APACHE2_OPTS="-D DEFAULT_VHOST -D INFO -D SSL -D SSL_DEFAULT_VHOST -D LANGUAGE -D PHP5"

# Extended options for advanced uses of Apache ONLY

# You don't need to edit these unless you are doing crazy Apache stuff

# As not having them set correctly, or feeding in an incorrect configuration

# via them will result in Apache failing to start

# YOU HAVE BEEN WARNED.

# PID file

PIDFILE=/var/run/apache2.pid

# timeout for startup/shutdown checks

#TIMEOUT=10

# ServerRoot setting

SERVERROOT=/usr/lib/apache2

# Configuration file location

# - If this does NOT start with a '/', then it is treated relative to

# $SERVERROOT by Apache

CONFIGFILE=/etc/apache2/httpd.conf

# Location to log startup errors to

# They are normally dumped to your terminal.

#STARTUPERRORLOG="/var/log/apache2/startuperror.log"

# A command that outputs a formatted text version of the HTML at the URL

# of the command line.

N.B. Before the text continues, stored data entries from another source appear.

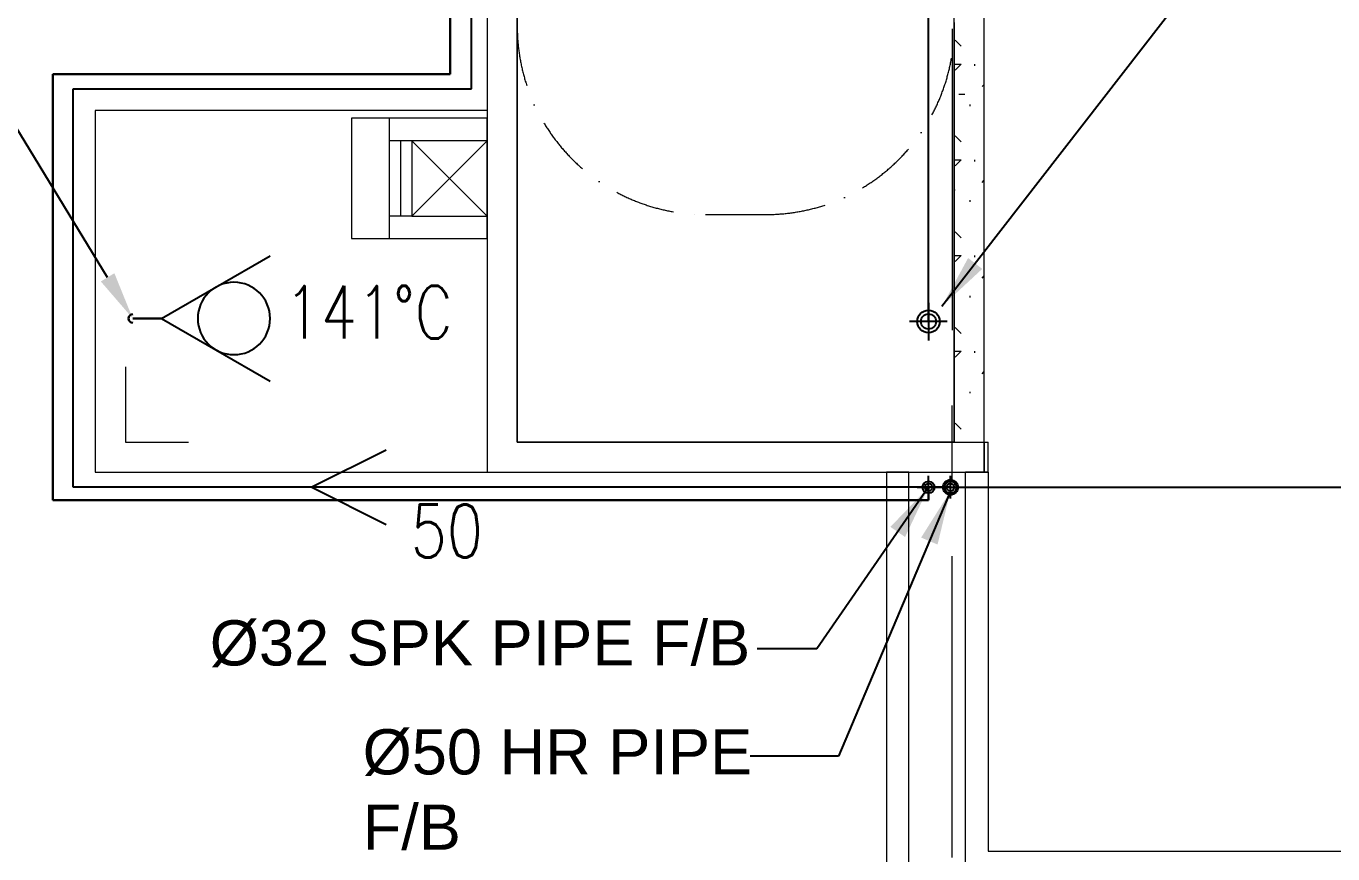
# Model space of a CAD drawing. Header units: millimetres. Extents: x -47219 to 440296, y -79832 to 7189.
# Drawn here: x 50265 to 58937, y -24567 to -19075 of the extents above; entities that cross this region are included whole.
import ezdxf
from ezdxf import colors
from ezdxf.entities.mleader import LeaderData, LeaderLine
from ezdxf.math import Vec2, Vec3

# ---------------------------------------------------------------- set-up
doc = ezdxf.new("R2010")
doc.units = ezdxf.units.MM
for name, pattern in [('BLK_2 - 3RD STOREY  LOWER ROOF PLAN-archi clean_25 SEPT 2024$0$IDA - Grid Line', [3500, 2000, -500, 500, -500]), ('BLK_2 - 3RD STOREY  LOWER ROOF PLAN-archi clean_25 SEPT 2024$0$IDA_Stair Clear', [675, 400, -137.5, 0, -137.5]), ('PHANTOM2', [1.25, 0.625, -0.125, 0.125, -0.125, 0.125, -0.125])]:
    doc.linetypes.add(name, pattern=pattern)
doc.layers.get('Defpoints').update_dxf_attribs({"color": 8, "lineweight": 9})
for name, color, linetype in [('ANNOTATION', 7, 'Continuous'), ('BLK 2 - 1ST STOREY PLAN$0$ROOMTEXT', 7, 'Continuous'), ('DIM', 8, 'Continuous'), ('M-_DRYRISER_E-', 6, 'Continuous'), ('M-_FIRESPRK_T-', 7, 'Continuous'), ('M-_SPRK-EXP_E-N', 1, 'Continuous'), ('M_HR PIPE', 3, 'Continuous'), ('NWFP-PENETRATION', 5, 'Continuous'), ('ZONE NUMBER', 154, 'Continuous')]:
    doc.layers.add(name, color=color, linetype=linetype)
for name, color, linetype, lineweight in [('BLK_2 - 3RD STOREY  LOWER ROOF PLAN-archi clean_25 SEPT 2024$0$A-_DETA----_ED-2', 8, 'BLK_2 - 3RD STOREY  LOWER ROOF PLAN-archi clean_25 SEPT 2024$0$IDA_Stair Clear', 9), ('BLK_2 - 3RD STOREY  LOWER ROOF PLAN-archi clean_25 SEPT 2024$0$A-_WALL----_E', 8, 'Continuous', 9), ('BLK_2 - 3RD STOREY  LOWER ROOF PLAN-archi clean_25 SEPT 2024$0$S-_ANOTGRID_E-1', 8, 'BLK_2 - 3RD STOREY  LOWER ROOF PLAN-archi clean_25 SEPT 2024$0$IDA - Grid Line', 9), ('M-_SPRK----_E-', 1, 'PHANTOM2', 30), ('M-_SPRKPIEX_E-', 1, 'Continuous', 30)]:
    doc.layers.add(name, color=color, linetype=linetype, lineweight=lineweight)
doc.styles.add('BLK 2 - 1ST STOREY PLAN$0$Arial', font='arial.ttf', dxfattribs={"height": 300})
doc.styles.add('Simplex', font='SIMPLEX.shx', dxfattribs={"width": 0.8, "height": 2.5})
doc.styles.get("Standard").update_dxf_attribs({"font": 'arial.ttf'})
doc.dimstyles.new('DIM 150', dxfattribs={"dimscale": 1500, "dimtxt": 0.18, "dimasz": 0.18, "dimexe": 0.18, "dimexo": 0.0625, "dimgap": 0.09, "dimtad": 0, "dimtih": 1, "dimtoh": 1, "dimdec": 0, "dimzin": 0, "dimdsep": 46, "dimtxsty": 'Standard', "dimblk": 'OBLIQUE', "dimcen": 0.09, "dimadec": 0, "dimazin": 0, "dimtfac": 1, "dimtdec": 0, "dimtofl": 0, "dimtmove": 0, "dimatfit": 3, "dimfxl": 1, "dimtolj": 1, "dimtzin": 0, "dimarcsym": 0})
doc.dimstyles.new('DIM 200', dxfattribs={"dimscale": 2000, "dimtxt": 0.18, "dimasz": 0.18, "dimexe": 0.18, "dimexo": 0.0625, "dimgap": 0.09, "dimtad": 0, "dimtih": 1, "dimtoh": 1, "dimdec": 0, "dimzin": 0, "dimdsep": 46, "dimtxsty": 'Standard', "dimblk": 'OBLIQUE', "dimcen": 0.09, "dimadec": 0, "dimazin": 0, "dimtfac": 1, "dimtdec": 0, "dimtofl": 0, "dimtmove": 0, "dimatfit": 3, "dimfxl": 1, "dimtolj": 1, "dimtzin": 0, "dimarcsym": 0})

# ---------------------------------------------------------------- blocks, each defined once
blk = doc.blocks.new('_Oblique')
at = {"color": 0, "linetype": 'ByBlock', "lineweight": -2}
blk.add_line((-0.5, -0.5), (0.5, 0.5), dxfattribs=at)
blk = doc.blocks.new('50 PIPE SLEEVE')
at = {"layer": 'NWFP-PENETRATION'}
for p, q in [((-75, 0), (75, 0)), ((0, -75), (0, 75))]:
    blk.add_line(p, q, dxfattribs=at)
blk.add_circle((0, 0), 40, dxfattribs=at)
at = {"layer": 'NWFP-PENETRATION', "color": 1}
blk.add_circle((0, 0), 25, dxfattribs=at)
blk = doc.blocks.new('100 PIPE SLEEVE')
at = {"layer": 'NWFP-PENETRATION'}
for p, q in [((0, 125), (0, -125)), ((-125, 1.4), (125, 1.4))]:
    blk.add_line(p, q, dxfattribs=at)
blk.add_circle((0, 0), 75, dxfattribs=at)
at = {"layer": 'NWFP-PENETRATION', "color": 1}
blk.add_circle((0, 0), 50, dxfattribs=at)
blk = doc.blocks.new('FIRE0106')
at = {"layer": 'M-_SPRK-EXP_E-N'}
for q in [(150, 259.8), (150, -259.8)]:
    blk.add_line((-300, 0), q, dxfattribs=at)
blk.add_circle((0, 0), 150, dxfattribs=at)
blk = doc.blocks.new('*D125')
at = {"layer": 'Defpoints', "color": 0, "transparency": 16777216}
for p in [(61981.9, -17604.2), (63149.7, -17604.2), (56324, -22134.7)]:
    blk.add_point(p, dxfattribs=at)
at = {"layer": 'DIM', "color": 0, "lineweight": -2, "transparency": 16777216}
for p, q in [((63056, -17604.2), (61711.9, -17604.2)), ((61981.9, -17604.2), (61981.9, -19596.5)), ((61981.9, -22134.7), (61981.9, -20142.4)), ((56417.8, -22134.7), (62251.9, -22134.7))]:
    blk.add_line(p, q, dxfattribs=at)
at = {"layer": 'DIM', "color": 0, "lineweight": -2, "transparency": 16777216, "xscale": 270, "yscale": 270, "zscale": 270}
for p, rotation in [((61981.9, -17604.2), 90), ((61981.9, -22134.7), 270)]:
    blk.add_blockref('_Oblique', p, dxfattribs=dict(at, rotation=rotation))
at = {"layer": 'DIM', "color": 0, "transparency": 16777216, "insert": (61981.9, -19869.4), "char_height": 270, "attachment_point": 5}
blk.add_mtext('\\A1;4530', dxfattribs=at)
blk = doc.blocks.new('BLK_2 - 3RD STOREY  LOWER ROOF PLAN-archi clean_25 SEPT 2024$0$IDA - Stair Turning Space - 1250-2832024-BLK 2 LOWER ROOF PLAN')
at = {"layer": 'BLK_2 - 3RD STOREY  LOWER ROOF PLAN-archi clean_25 SEPT 2024$0$A-_DETA----_ED-2'}
blk.add_line((0, -1250), (400, -1250), dxfattribs=at)
for centre, start, end in [((0, 0), 180, 270), ((400, 0), 270, 360)]:
    blk.add_arc(centre, 1250, start, end, dxfattribs=at)
blk = doc.blocks.new('BLK_2 - 3RD STOREY  LOWER ROOF PLAN-archi clean_25 SEPT 2024$0$mep roof 1')
at = {"layer": 'Defpoints'}
for points in [[(-10250, -2460), (-10250, -2210), (-10586.4, -2210)], [(-12650, -3710), (-12650, -4210), (-12231.3, -4210)]]:
    blk.add_lwpolyline(points, dxfattribs=at)
blk = doc.blocks.new('BLK_2 - 3RD STOREY  LOWER ROOF PLAN-archi clean_25 SEPT 2024')
at = {"layer": 'BLK_2 - 3RD STOREY  LOWER ROOF PLAN-archi clean_25 SEPT 2024$0$A-_WALL----_E'}
h = blk.add_hatch(dxfattribs=at)
h.set_pattern_fill('FP_3', color=256, style=0, pattern_type=2)
h.set_pattern_definition([(0, (42341.6, 0), (635, 635), [79.375, -555.625]), (90, (42341.6, 0), (-635, 635), [79.375, -555.625]), (135, (42420.97, 0), (-635.0003, 0), [112.253, -785.772]), (0, (42421, 357.2), (635, 635), [79.375, -555.625]), (45, (42460.66, 317.5), (0, 635.0003), [56.127, -841.899]), (135, (42460.66, 317.5), (-635.0003, 0), [56.127, -841.899]), (0, (42659.1, 515.94), (635, 635), [112.253, -522.747]), (45, (42659.1, 515.94), (0, 635.0003), [79.375, -818.651]), (135, (42771.35, 515.94), (-635.0003, 0), [79.375, -818.651]), (90, (42778.16, 158.75), (-635, 635), [79.375, -555.625]), (45, (42778.16, 158.75), (0, 635.0003), [56.127, -841.899]), (135, (42817.84, 198.44), (-635.0003, 0), [56.127, -841.899]), (0, (42421, 158.75), (635, 635), [39.687, -531.812]), (0, (42897.2, 317.5), (635, 635), [39.687, -531.812]), (90, (42698.8, 396.9), (-635, 635), [39.687, -531.812]), (135, (42778.16, 39.7), (-635.0003, 0), [56.127, -841.899]), (135, (42500.34, 476.25), (-635.0003, 0), [56.127, -841.899]), (45, (42639.25, 208.36), (0, 635.0003), [56.127, -841.899]), (90, (42559.9, 79.4), (-635, 635), [9.922, -625.078]), (90, (42589.64, 347.27), (-635, 635), [9.922, -625.078]), (90, (42887.3, 456.4), (-635, 635), [9.922, -625.078]), (90, (42897.2, 119.06), (-635, 635), [9.922, -625.078])])
h.paths.add_polyline_path([(-74694.8, -64562.4), (-74694.8, -61777.4), (-74894.8, -61777.4), (-74894.8, -64562.4)])
for p, q in [((-74894.8, -64562.4), (-74894.8, -57477.4)), ((-77994.8, -58577.4), (-77994.8, -64762.4)), ((-77794.8, -62362.4), (-77794.8, -58577.4)), ((-74694.8, -64562.4), (-74694.8, -60877.4)), ((-77794.8, -61427.4), (-77794.8, -64562.4)), ((-74894.8, -61777.4), (-74894.8, -64562.4)), ((-77994.8, -62362.4), (-80594.8, -62362.4)), ((-80594.8, -62362.4), (-80594.8, -62562.4)), ((-77794.8, -62562.4), (-77794.8, -62362.4)), ((-80594.8, -62562.4), (-80594.8, -64562.4)), ((-78494.8, -62562.4), (-78644.8, -62562.4)), ((-78569.8, -62562.4), (-78569.8, -63062.4)), ((-77994.8, -62562.4), (-78494.8, -63062.4)), ((-77794.8, -64562.4), (-77794.8, -62562.4)), ((-78494.8, -63062.4), (-78644.8, -63062.4)), ((-80594.8, -64562.4), (-80594.8, -64762.4)), ((-77719.8, -64562.4), (-77794.8, -64562.4)), ((-77794.8, -64562.4), (-74894.8, -64562.4)), ((-76619.8, -64562.4), (-77719.8, -64562.4)), ((-74894.8, -64562.4), (-76619.8, -64562.4)), ((-74894.8, -64562.4), (-74669.8, -64562.4)), ((-74694.8, -64562.4), (-74694.8, -64762.4)), ((-74694.8, -64762.4), (-74694.8, -64562.4)), ((-74669.8, -64762.4), (-74669.8, -64562.4)), ((-80594.8, -64762.4), (-77719.8, -64762.4)), ((-77719.8, -64762.4), (-76619.8, -64762.4)), ((-76619.8, -64762.4), (-74694.8, -64762.4)), ((-74819.8, -67427.4), (-74819.8, -64762.4)), ((-74669.8, -64762.4), (-74819.8, -64762.4)), ((-74694.8, -64762.4), (-74669.8, -64762.4)), ((-74669.8, -64762.4), (-74669.8, -67277.4)), ((-74669.8, -67277.4), (-67394.8, -67277.4))]:
    blk.add_line(p, q, dxfattribs=at)
for points in [[(-78894.8, -63212.4), (-77994.8, -63212.4), (-77994.8, -62412.4), (-78894.8, -62412.4)], [(-78494.8, -63062.4), (-77994.8, -63062.4), (-77994.8, -62562.4), (-78494.8, -62562.4)], [(-75344.8, -91942.4), (-75194.8, -91942.4), (-75194.8, -64762.4), (-75344.8, -64762.4)]]:
    blk.add_lwpolyline(points, close=True, dxfattribs=at)
for points in [[(-78644.8, -62412.4), (-78644.8, -63212.4)], [(-78494.8, -62562.4), (-77994.8, -63062.4)], [(-77994.8, -62812.4), (-77994.8, -62562.4), (-78331.2, -62562.4)], [(-80394.8, -64062.4), (-80394.8, -64562.4), (-79976.1, -64562.4)]]:
    blk.add_lwpolyline(points, dxfattribs=at)
at = {"layer": 'BLK_2 - 3RD STOREY  LOWER ROOF PLAN-archi clean_25 SEPT 2024$0$S-_ANOTGRID_E-1'}
blk.add_line((-74892.8, -37319.3), (-74944.8, -122559.3), dxfattribs=at)
at = {"layer": 'BLK_2 - 3RD STOREY  LOWER ROOF PLAN-archi clean_25 SEPT 2024$0$A-_WALL----_E'}
for name, p in [('BLK_2 - 3RD STOREY  LOWER ROOF PLAN-archi clean_25 SEPT 2024$0$mep roof 1', (-67744.8, -60352.4)), ('BLK_2 - 3RD STOREY  LOWER ROOF PLAN-archi clean_25 SEPT 2024$0$IDA - Stair Turning Space - 1250-2832024-BLK 2 LOWER ROOF PLAN', (-76544.8, -61802.4))]:
    blk.add_blockref(name, p, dxfattribs=at)

msp = doc.modelspace()

# ---------------------------------------------------------------- linework, layer by layer
at = {"layer": 'M-_DRYRISER_E-'}
msp.add_line((56252.9, -21034.6), (56252.3, -14868.5), dxfattribs=at)
at = {"layer": 'M-_SPRKPIEX_E-'}
for p, q in [((53078.8, -19394.3), (53078.8, -15314.3)), ((50442.4, -22219.1), (50442.4, -19394.3)), ((50442.4, -19394.3), (53078.8, -19394.3)), ((51164, -21014.6), (50972.2, -21014.6)), ((56253.9, -22134.7), (56253.9, -22219.1)), ((56253.9, -22219.1), (50442.4, -22219.1))]:
    msp.add_line(p, q, dxfattribs=at)
msp.add_arc((50972.2, -21014.6), 28.8, 90, 270, dxfattribs=at)
at = {"layer": 'M_HR PIPE'}
for p, q in [((53219.9, -19490.7), (53219.9, -17241.9)), ((50575.8, -22134.7), (50575.8, -19490.7)), ((50575.8, -19490.7), (53219.9, -19490.7)), ((56399, -22134.7), (50575.8, -22134.7))]:
    msp.add_line(p, q, dxfattribs=at)
msp.add_lwpolyline([(52653.1, -21888.8), (52161.5, -22134.7), (52653.1, -22380.5)], dxfattribs=at)
msp.add_circle((56399, -22134.7), 50, dxfattribs=at)

# ---------------------------------------------------------------- block references
at = {"layer": 'M-_SPRK----_E-', "xscale": -1.6, "yscale": 1.6, "zscale": 1.6, "rotation": 180}
msp.add_blockref('FIRE0106', (51644, -21014.6), dxfattribs=at)
at = {"layer": 'M-_SPRKPIEX_E-'}
msp.add_blockref('BLK_2 - 3RD STOREY  LOWER ROOF PLAN-archi clean_25 SEPT 2024', (131318.5, 42727.7), dxfattribs=at)
at = {"layer": 'NWFP-PENETRATION'}
for name, p in [('100 PIPE SLEEVE', (56252.9, -21034.6)), ('50 PIPE SLEEVE', (56253.9, -22134.7)), ('50 PIPE SLEEVE', (56399, -22134.7))]:
    msp.add_blockref(name, p, dxfattribs=at)

# ---------------------------------------------------------------- texts
at = {"layer": 'BLK 2 - 1ST STOREY PLAN$0$ROOMTEXT', "char_height": 300, "attachment_point": 1, "style": 'BLK 2 - 1ST STOREY PLAN$0$Arial'}
for s, insert, width in [('%%C32 SPK PIPE F/B', (51483.5, -23017), 6824.477), ('%%C50 HR PIPE \\PF/B', (52498.2, -23739.8), 3888.475)]:
    msp.add_mtext(s, dxfattribs=dict(at, insert=insert, width=width))
at = {"layer": 'M-_FIRESPRK_T-', "style": 'Simplex', "width": 0.8}
msp.add_text('141%%DC', height=350, dxfattribs=at).set_placement((51980, -21148.2))
at = {"layer": 'M_HR PIPE', "style": 'Simplex', "width": 0.8}
msp.add_text('50', height=350, dxfattribs=at).set_placement((52816.5, -22599.6))

# ---------------------------------------------------------------- dimensions: what is measured, and where the dimension line sits
at = {"layer": 'DIM'}
dim = msp.add_linear_dim(base=(61981.9308, -17604.1661), p1=(56324.0014, -22134.6585), p2=(63149.7244, -17604.1661), angle=90, dimstyle='DIM 150', dxfattribs=at)
dim.commit()
dim.dimension.update_dxf_attribs({"geometry": '*D125', "text_midpoint": (61981.9308, -19869.4123)})

# ---------------------------------------------------------------- leaders
at = {"layer": 'ANNOTATION'}
ml = msp.add_multileader_mtext('Standard', dxfattribs=at)
ml.set_content('%%C32 SPK PIPE\\PF/B', color=256)
ml.set_leader_properties()
ml.build(insert=Vec2(0, 0))
ml.multileader.update_dxf_attribs({"arrow_head_size": 320, "scale": 80})
ctx = ml.context
ctx.base_point, ctx.scale, ctx.char_height, ctx.arrow_head_size, ctx.landing_gap_size, ctx.plane_origin = Vec3(41708.6, -15222.4), 80, 320, 320, 160, Vec3(49652.4, -20473.2)
ctx.text_align_type = 2
notes = []
notes.append((ctx, [(1, (1, 1, 0), (47433.3, -15222.4), (-1, 0), 2440.3, [(1, [(50972.2, -21014.6)], 0, [])])]))
ctx.mtext.insert, ctx.mtext.alignment, ctx.mtext.flow_direction = Vec3(44833, -15059.7), 3, 5
at = {"layer": 'ZONE NUMBER', "color": 0}
for points in [[(56342.7, -20933.8), (59993.2, -16223), (60469.1, -16223)], [(56399, -22159.7), (55656.5, -23918.7), (55069.6, -23917.7)]]:
    msp.add_leader(points, dimstyle='DIM 200', override={"dimgap": 0.09, "dimtad": 0}, dxfattribs=at)
msp.add_leader([(56253.9, -22134.7), (55513.1, -23207.5), (55116.4, -23207.5)], dimstyle='DIM 200', dxfattribs=at)
for ctx, leaders in notes:
    for number, flags, end, landing, length, lines in leaders:
        leader = LeaderData()
        leader.index, (leader.has_last_leader_line, leader.has_dogleg_vector, leader.attachment_direction) = number, flags
        leader.last_leader_point, leader.dogleg_vector, leader.dogleg_length = Vec3(end), Vec3(landing), length
        for number, points, colour, breaks in lines:
            line = LeaderLine()
            line.index, line.vertices, line.color, line.breaks = number, Vec3.list(points), colors.encode_raw_color(colour), breaks
            leader.lines.append(line)
        ctx.leaders.append(leader)

doc.saveas('drawing.dxf')

Designed for lynx, however other programs may work.

#LYNX="lynx -dump"

# The URL to your server's mod_status status page.

# Required for status and fullstatus

STATUSURL="http://localhost/server-status"

# Method to use when reloading the server

# Valid options are 'restart' and 'graceful'

# See http://httpd.apache.org/docs/2.2/stopping.html for information on

# what they do and how they differ.

#RELOAD_TYPE="graceful"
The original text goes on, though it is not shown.